Extracted data entries:
»»

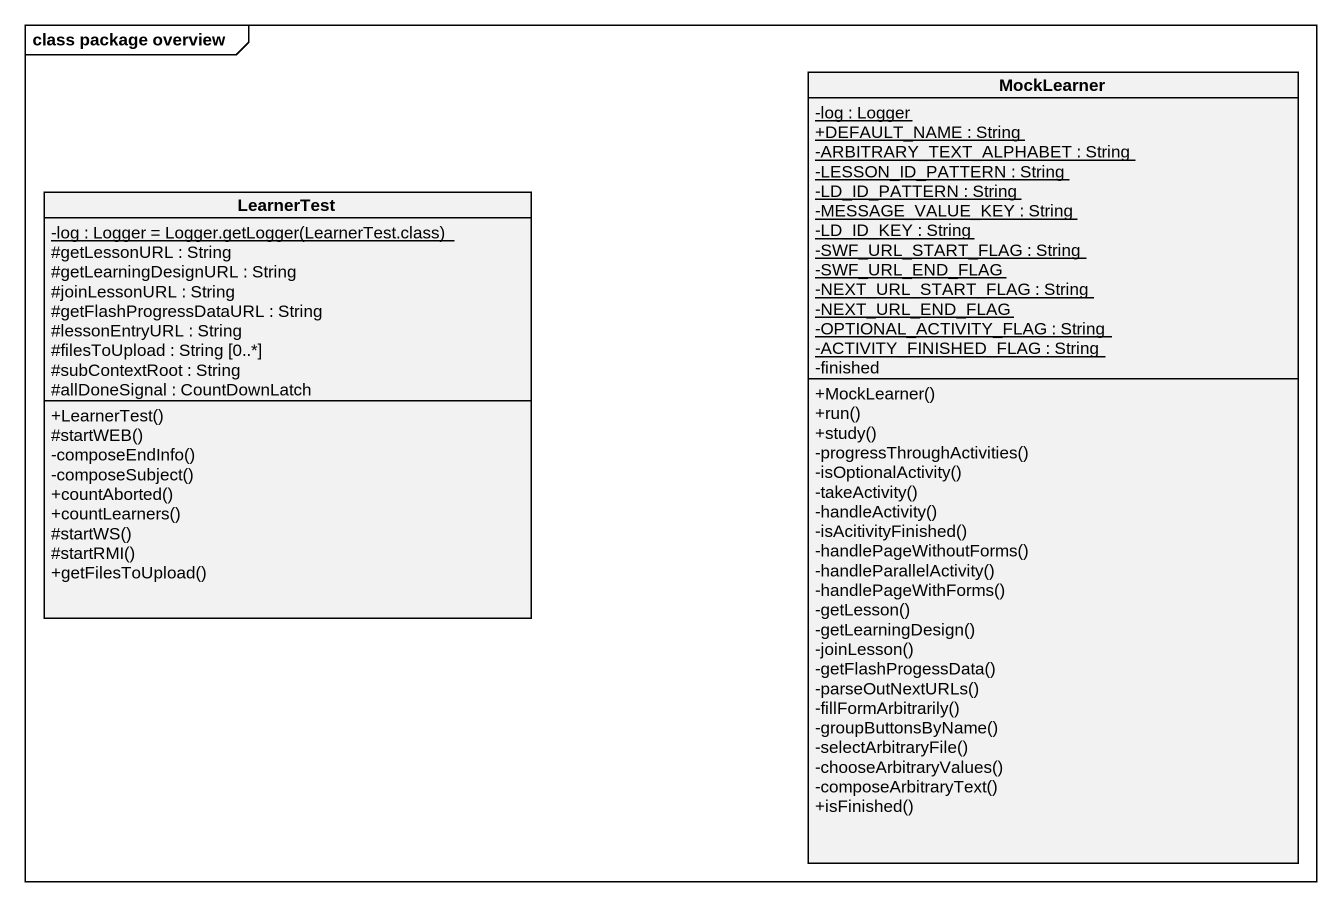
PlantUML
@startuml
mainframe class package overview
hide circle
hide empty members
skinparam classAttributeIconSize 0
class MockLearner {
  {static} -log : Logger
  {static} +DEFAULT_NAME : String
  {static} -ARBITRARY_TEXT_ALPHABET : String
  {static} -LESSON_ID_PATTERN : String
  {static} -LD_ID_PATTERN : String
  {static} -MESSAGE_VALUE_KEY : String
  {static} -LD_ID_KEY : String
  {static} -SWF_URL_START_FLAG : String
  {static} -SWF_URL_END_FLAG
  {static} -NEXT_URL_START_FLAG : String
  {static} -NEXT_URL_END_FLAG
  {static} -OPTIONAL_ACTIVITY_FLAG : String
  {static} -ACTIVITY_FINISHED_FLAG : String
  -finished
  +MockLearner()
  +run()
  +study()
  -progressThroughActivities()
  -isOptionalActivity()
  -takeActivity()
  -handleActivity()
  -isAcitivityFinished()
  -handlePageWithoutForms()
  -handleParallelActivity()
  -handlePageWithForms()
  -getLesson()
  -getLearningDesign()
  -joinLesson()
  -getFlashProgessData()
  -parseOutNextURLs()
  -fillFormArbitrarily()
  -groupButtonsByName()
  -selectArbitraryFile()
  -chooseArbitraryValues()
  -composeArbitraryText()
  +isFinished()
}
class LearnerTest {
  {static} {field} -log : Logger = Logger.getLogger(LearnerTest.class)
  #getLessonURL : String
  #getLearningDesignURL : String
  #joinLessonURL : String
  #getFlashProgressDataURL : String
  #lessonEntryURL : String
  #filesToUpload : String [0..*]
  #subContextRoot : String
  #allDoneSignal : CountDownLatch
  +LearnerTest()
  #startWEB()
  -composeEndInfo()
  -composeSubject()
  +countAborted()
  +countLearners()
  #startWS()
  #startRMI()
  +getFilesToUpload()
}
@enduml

««

Work instructions
Your answer must be the line containing "#lessonEntryURL : String" and every line after it through the end of the records above, reproduced exactly and alone.

Response area
  #lessonEntryURL : String
  #filesToUpload : String [0..*]
  #subContextRoot : String
  #allDoneSignal : CountDownLatch
  +LearnerTest()
  #startWEB()
  -composeEndInfo()
  -composeSubject()
  +countAborted()
  +countLearners()
  #startWS()
  #startRMI()
  +getFilesToUpload()
}
@enduml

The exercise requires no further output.